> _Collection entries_
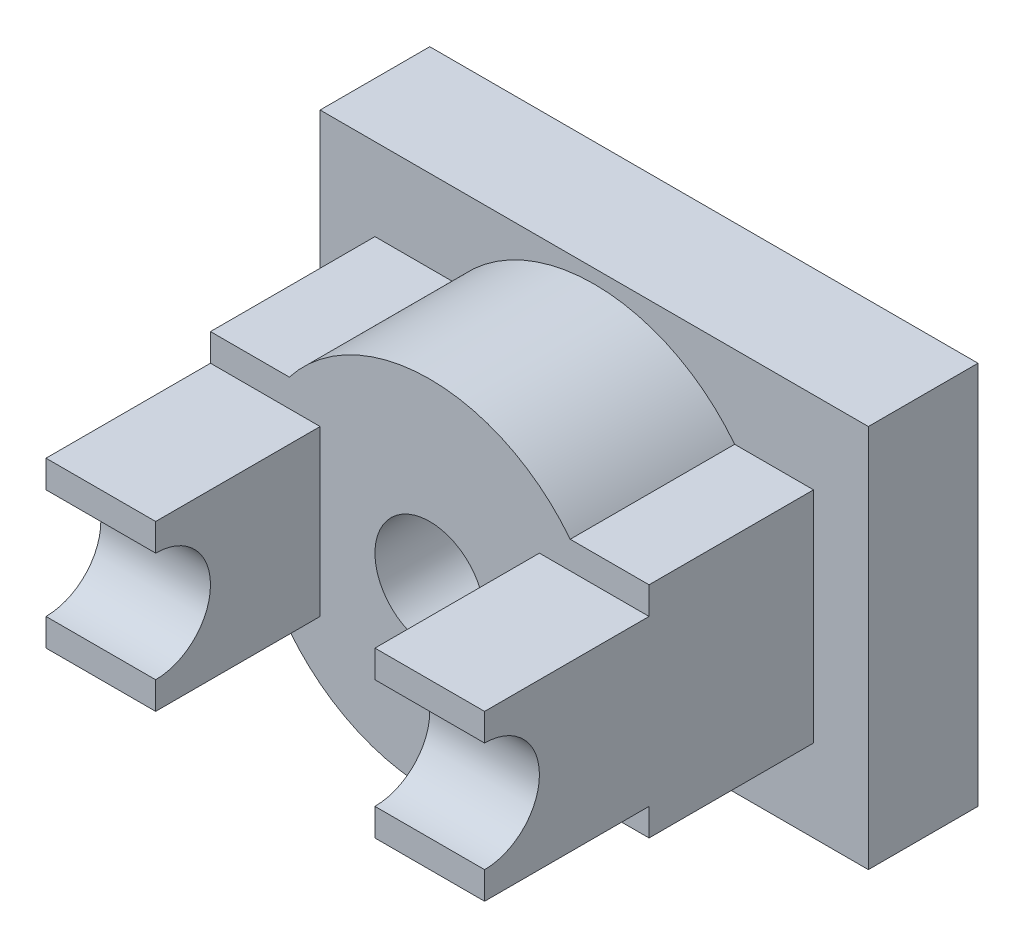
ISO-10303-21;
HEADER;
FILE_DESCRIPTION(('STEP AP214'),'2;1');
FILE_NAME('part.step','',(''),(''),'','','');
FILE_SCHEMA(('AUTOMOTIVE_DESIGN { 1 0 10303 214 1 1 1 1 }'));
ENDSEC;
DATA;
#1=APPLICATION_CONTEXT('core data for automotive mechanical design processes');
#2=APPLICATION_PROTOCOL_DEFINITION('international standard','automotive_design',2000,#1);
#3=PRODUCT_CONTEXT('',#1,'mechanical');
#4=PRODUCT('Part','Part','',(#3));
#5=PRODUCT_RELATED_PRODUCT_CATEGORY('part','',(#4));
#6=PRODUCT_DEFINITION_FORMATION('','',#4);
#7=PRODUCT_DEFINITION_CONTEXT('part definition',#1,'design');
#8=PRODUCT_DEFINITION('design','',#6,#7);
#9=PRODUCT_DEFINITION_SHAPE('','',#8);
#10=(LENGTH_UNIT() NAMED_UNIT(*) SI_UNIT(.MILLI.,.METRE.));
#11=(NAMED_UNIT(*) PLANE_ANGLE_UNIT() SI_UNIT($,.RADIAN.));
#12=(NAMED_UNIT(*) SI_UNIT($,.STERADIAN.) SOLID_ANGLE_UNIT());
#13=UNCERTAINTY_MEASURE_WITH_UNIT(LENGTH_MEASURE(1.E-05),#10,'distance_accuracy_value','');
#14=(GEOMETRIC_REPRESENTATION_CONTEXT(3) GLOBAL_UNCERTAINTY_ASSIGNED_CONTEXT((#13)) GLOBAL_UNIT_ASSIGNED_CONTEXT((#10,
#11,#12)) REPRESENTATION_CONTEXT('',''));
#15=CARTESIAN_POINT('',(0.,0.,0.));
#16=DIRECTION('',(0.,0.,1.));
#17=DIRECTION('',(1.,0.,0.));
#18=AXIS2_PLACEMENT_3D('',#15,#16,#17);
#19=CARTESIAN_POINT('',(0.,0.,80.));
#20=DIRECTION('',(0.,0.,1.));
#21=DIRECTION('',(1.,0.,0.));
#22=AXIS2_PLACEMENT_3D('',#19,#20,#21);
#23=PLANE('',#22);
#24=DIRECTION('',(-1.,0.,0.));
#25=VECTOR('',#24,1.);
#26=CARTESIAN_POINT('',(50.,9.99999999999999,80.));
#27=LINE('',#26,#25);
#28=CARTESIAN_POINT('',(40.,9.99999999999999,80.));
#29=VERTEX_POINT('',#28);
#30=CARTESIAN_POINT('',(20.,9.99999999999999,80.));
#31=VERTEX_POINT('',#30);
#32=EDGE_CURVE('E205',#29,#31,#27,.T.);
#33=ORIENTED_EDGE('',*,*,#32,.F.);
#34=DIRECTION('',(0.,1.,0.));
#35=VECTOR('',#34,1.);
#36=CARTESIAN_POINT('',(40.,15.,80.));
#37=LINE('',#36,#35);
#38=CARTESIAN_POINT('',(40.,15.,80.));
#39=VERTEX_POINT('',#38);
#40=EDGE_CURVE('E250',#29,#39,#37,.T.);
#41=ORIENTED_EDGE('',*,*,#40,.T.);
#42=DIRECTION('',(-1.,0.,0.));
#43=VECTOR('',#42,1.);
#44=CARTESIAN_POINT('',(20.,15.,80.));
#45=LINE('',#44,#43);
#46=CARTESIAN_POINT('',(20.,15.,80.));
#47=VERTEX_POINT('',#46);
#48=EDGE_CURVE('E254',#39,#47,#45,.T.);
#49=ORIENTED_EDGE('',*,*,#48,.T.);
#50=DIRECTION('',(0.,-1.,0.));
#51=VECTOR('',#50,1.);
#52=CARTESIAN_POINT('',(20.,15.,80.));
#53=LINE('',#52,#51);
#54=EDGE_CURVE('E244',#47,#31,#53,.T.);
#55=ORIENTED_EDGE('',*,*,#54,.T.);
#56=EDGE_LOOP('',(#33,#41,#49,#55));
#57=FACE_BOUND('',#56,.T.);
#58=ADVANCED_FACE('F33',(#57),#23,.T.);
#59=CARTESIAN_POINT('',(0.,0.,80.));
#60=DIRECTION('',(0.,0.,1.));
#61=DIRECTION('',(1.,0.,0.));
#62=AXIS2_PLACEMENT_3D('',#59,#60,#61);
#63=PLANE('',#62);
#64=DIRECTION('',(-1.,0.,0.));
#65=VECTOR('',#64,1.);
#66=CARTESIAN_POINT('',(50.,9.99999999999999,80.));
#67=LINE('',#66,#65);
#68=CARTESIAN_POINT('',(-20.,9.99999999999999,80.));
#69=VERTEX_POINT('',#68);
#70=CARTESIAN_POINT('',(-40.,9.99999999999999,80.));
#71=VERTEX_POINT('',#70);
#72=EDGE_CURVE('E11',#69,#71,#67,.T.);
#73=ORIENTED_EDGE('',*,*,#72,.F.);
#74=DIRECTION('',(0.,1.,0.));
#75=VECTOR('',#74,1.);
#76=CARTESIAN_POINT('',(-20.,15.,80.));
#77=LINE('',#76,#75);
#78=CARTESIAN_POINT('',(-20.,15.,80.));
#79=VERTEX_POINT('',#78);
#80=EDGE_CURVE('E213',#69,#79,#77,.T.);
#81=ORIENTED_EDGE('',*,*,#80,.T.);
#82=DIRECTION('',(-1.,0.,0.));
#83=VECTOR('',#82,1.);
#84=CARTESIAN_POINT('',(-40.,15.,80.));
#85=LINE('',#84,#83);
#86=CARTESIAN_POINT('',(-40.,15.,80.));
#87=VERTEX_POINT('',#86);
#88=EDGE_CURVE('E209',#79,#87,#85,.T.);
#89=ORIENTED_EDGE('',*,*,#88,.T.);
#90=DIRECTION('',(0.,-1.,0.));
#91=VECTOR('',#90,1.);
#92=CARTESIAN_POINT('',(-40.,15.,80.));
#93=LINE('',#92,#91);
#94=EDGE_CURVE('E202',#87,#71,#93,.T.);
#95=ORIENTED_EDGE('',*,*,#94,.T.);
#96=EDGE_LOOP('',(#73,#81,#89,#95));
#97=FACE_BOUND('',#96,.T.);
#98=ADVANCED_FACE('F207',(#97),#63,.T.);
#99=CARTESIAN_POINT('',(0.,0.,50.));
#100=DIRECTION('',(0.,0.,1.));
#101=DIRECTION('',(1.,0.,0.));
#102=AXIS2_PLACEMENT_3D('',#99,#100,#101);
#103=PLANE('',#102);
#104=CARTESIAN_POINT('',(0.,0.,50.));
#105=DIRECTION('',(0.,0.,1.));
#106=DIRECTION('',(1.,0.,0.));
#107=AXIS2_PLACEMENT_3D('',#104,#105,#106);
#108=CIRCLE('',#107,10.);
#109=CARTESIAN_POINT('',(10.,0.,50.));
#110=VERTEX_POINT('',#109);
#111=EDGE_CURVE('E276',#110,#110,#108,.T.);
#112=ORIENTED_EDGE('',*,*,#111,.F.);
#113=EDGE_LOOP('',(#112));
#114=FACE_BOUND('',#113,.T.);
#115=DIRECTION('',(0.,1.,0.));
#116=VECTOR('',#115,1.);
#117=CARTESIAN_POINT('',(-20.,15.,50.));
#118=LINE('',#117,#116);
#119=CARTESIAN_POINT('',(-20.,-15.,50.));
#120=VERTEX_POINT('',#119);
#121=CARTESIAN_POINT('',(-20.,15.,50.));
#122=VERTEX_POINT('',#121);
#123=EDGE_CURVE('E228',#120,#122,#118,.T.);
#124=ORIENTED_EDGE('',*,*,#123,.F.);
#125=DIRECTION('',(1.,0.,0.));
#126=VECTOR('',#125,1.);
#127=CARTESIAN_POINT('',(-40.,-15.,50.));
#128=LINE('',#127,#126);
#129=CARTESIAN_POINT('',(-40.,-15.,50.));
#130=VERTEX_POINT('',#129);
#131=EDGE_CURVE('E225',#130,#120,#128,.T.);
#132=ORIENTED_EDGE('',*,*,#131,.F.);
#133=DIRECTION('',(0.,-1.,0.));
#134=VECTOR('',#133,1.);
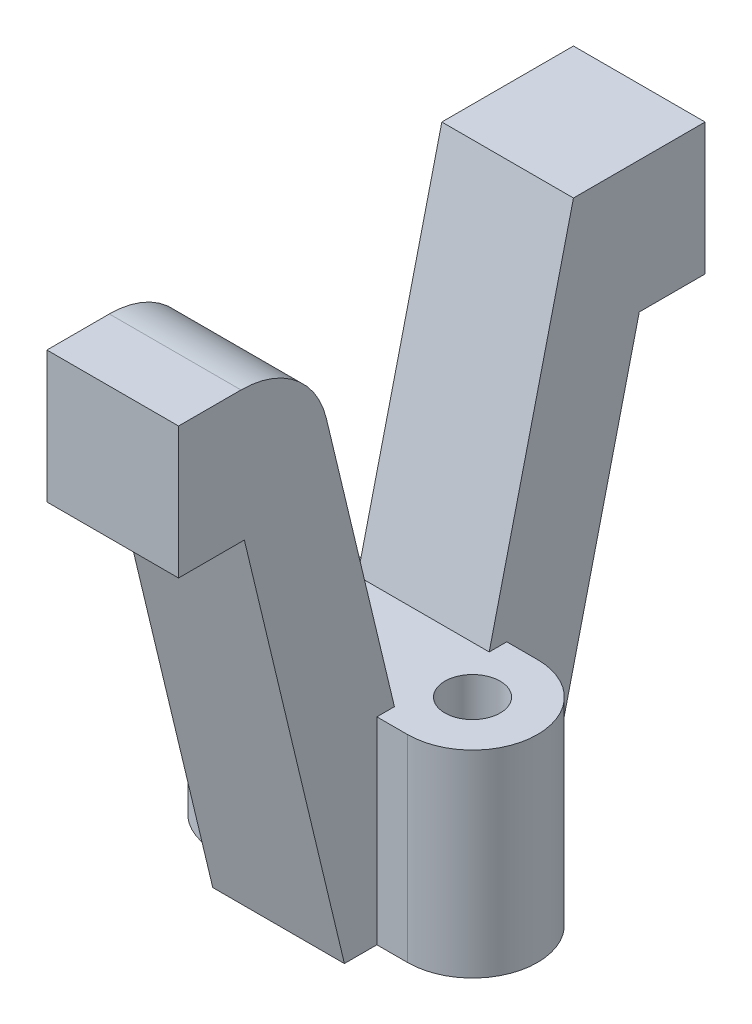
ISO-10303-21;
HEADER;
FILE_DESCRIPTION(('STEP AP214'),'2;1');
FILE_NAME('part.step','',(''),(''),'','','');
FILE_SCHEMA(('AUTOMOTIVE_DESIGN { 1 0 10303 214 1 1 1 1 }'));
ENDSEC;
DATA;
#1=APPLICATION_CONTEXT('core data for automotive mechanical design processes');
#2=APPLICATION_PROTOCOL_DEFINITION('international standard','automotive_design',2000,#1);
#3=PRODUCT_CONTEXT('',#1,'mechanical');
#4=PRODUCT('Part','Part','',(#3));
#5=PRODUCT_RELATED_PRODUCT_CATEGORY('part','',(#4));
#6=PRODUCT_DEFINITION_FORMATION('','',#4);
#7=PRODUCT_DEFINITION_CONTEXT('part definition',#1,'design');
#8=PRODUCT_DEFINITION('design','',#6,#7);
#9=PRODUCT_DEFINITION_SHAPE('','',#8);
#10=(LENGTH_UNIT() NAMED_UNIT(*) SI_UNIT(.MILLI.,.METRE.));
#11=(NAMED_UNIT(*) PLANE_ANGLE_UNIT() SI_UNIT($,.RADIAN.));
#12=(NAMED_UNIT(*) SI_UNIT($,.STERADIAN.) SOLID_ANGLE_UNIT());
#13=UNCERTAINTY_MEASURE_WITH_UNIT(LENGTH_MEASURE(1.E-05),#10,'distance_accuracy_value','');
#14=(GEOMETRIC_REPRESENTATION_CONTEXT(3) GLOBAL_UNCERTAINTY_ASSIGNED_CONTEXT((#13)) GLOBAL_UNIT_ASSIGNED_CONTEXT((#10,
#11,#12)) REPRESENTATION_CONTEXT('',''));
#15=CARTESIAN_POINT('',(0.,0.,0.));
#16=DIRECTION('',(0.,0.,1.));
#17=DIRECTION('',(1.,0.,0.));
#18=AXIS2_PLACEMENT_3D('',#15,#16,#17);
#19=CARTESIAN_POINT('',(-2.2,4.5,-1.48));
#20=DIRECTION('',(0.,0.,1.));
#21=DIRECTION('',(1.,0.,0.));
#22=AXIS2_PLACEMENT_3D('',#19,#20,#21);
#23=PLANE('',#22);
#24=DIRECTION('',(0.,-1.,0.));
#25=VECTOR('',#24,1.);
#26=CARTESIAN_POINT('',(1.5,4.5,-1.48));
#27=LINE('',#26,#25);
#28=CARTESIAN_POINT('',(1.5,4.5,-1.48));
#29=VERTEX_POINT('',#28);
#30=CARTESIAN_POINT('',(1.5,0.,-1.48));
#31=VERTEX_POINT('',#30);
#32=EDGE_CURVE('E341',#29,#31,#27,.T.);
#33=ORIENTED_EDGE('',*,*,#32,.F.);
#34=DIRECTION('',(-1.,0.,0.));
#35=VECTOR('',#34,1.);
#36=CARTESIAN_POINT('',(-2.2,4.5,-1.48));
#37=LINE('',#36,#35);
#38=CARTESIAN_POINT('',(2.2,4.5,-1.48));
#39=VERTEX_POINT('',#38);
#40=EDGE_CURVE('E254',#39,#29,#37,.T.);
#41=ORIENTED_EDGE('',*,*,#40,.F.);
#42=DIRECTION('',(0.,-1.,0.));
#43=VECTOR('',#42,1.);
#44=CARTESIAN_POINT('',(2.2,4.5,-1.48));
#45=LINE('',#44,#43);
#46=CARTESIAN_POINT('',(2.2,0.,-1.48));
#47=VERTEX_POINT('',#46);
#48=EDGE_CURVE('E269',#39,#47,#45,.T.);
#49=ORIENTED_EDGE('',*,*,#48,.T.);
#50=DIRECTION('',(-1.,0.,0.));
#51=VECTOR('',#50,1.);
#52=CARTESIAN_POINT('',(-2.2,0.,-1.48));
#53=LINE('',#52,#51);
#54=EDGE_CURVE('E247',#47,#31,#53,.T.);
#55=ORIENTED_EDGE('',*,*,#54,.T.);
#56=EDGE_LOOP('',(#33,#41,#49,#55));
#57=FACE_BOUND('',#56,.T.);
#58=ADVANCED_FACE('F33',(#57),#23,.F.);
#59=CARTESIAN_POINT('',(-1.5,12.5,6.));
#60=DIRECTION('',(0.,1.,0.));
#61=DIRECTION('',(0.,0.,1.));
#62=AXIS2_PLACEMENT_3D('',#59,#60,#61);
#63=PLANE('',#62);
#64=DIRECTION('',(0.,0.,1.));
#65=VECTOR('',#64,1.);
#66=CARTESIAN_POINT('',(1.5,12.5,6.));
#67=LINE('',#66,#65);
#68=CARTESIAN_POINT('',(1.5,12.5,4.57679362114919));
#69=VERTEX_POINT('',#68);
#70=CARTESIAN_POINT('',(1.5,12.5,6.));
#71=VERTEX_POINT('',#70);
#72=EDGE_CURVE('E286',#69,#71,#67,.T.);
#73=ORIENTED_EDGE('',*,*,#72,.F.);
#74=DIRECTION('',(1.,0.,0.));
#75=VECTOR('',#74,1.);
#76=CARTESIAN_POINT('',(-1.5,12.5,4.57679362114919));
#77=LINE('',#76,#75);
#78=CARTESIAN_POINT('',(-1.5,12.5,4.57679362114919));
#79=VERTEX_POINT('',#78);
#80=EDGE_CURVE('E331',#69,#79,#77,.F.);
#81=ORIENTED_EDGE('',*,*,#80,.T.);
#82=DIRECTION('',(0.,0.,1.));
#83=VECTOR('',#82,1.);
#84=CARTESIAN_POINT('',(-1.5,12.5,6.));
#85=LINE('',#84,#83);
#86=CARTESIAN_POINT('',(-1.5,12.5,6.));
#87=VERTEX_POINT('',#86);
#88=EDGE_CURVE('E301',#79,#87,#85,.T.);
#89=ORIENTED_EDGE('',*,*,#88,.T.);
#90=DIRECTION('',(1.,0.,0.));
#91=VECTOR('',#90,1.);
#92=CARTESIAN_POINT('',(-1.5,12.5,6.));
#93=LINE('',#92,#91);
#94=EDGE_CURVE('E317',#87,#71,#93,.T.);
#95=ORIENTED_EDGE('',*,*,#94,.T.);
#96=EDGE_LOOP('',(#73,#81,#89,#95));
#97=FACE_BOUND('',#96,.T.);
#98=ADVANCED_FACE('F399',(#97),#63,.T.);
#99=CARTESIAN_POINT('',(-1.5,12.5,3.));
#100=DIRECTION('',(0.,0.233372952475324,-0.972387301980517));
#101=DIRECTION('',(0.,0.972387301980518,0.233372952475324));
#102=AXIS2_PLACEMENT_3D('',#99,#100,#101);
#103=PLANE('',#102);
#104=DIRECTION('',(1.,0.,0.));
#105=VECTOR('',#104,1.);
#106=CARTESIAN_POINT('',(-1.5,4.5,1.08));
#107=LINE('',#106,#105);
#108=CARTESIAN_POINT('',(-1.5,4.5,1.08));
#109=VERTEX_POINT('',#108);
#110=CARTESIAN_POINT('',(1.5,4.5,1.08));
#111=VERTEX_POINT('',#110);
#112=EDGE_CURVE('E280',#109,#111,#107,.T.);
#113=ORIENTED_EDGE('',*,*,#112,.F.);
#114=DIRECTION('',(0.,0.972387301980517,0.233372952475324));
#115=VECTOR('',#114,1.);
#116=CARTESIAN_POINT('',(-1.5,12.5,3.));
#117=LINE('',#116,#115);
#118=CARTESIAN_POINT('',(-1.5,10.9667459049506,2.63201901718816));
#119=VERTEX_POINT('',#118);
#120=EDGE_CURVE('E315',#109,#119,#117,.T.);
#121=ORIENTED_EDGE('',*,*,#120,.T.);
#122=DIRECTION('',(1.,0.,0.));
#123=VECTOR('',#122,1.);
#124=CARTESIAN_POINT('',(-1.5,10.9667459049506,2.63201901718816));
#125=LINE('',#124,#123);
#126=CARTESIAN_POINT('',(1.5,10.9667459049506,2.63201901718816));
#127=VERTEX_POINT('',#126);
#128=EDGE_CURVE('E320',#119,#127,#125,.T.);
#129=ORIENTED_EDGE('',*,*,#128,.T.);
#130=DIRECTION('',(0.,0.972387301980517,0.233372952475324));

> _PROBLEM TO WORK ON_
An exact copy of the lines above, from the one containing "#86=CARTESIAN_POINT('',(-40.,15.,80.));" down to the one containing "#119=CARTESIAN_POINT('',(-20.,-15.,50.));" and including both, is the whole answer; retype it and nothing else.

> _TASK RESPONSE_
#86=CARTESIAN_POINT('',(-40.,15.,80.));
#87=VERTEX_POINT('',#86);
#88=EDGE_CURVE('E209',#79,#87,#85,.T.);
#89=ORIENTED_EDGE('',*,*,#88,.T.);
#90=DIRECTION('',(0.,-1.,0.));
#91=VECTOR('',#90,1.);
#92=CARTESIAN_POINT('',(-40.,15.,80.));
#93=LINE('',#92,#91);
#94=EDGE_CURVE('E202',#87,#71,#93,.T.);
#95=ORIENTED_EDGE('',*,*,#94,.T.);
#96=EDGE_LOOP('',(#73,#81,#89,#95));
#97=FACE_BOUND('',#96,.T.);
#98=ADVANCED_FACE('F207',(#97),#63,.T.);
#99=CARTESIAN_POINT('',(0.,0.,50.));
#100=DIRECTION('',(0.,0.,1.));
#101=DIRECTION('',(1.,0.,0.));
#102=AXIS2_PLACEMENT_3D('',#99,#100,#101);
#103=PLANE('',#102);
#104=CARTESIAN_POINT('',(0.,0.,50.));
#105=DIRECTION('',(0.,0.,1.));
#106=DIRECTION('',(1.,0.,0.));
#107=AXIS2_PLACEMENT_3D('',#104,#105,#106);
#108=CIRCLE('',#107,10.);
#109=CARTESIAN_POINT('',(10.,0.,50.));
#110=VERTEX_POINT('',#109);
#111=EDGE_CURVE('E276',#110,#110,#108,.T.);
#112=ORIENTED_EDGE('',*,*,#111,.F.);
#113=EDGE_LOOP('',(#112));
#114=FACE_BOUND('',#113,.T.);
#115=DIRECTION('',(0.,1.,0.));
#116=VECTOR('',#115,1.);
#117=CARTESIAN_POINT('',(-20.,15.,50.));
#118=LINE('',#117,#116);
#119=CARTESIAN_POINT('',(-20.,-15.,50.));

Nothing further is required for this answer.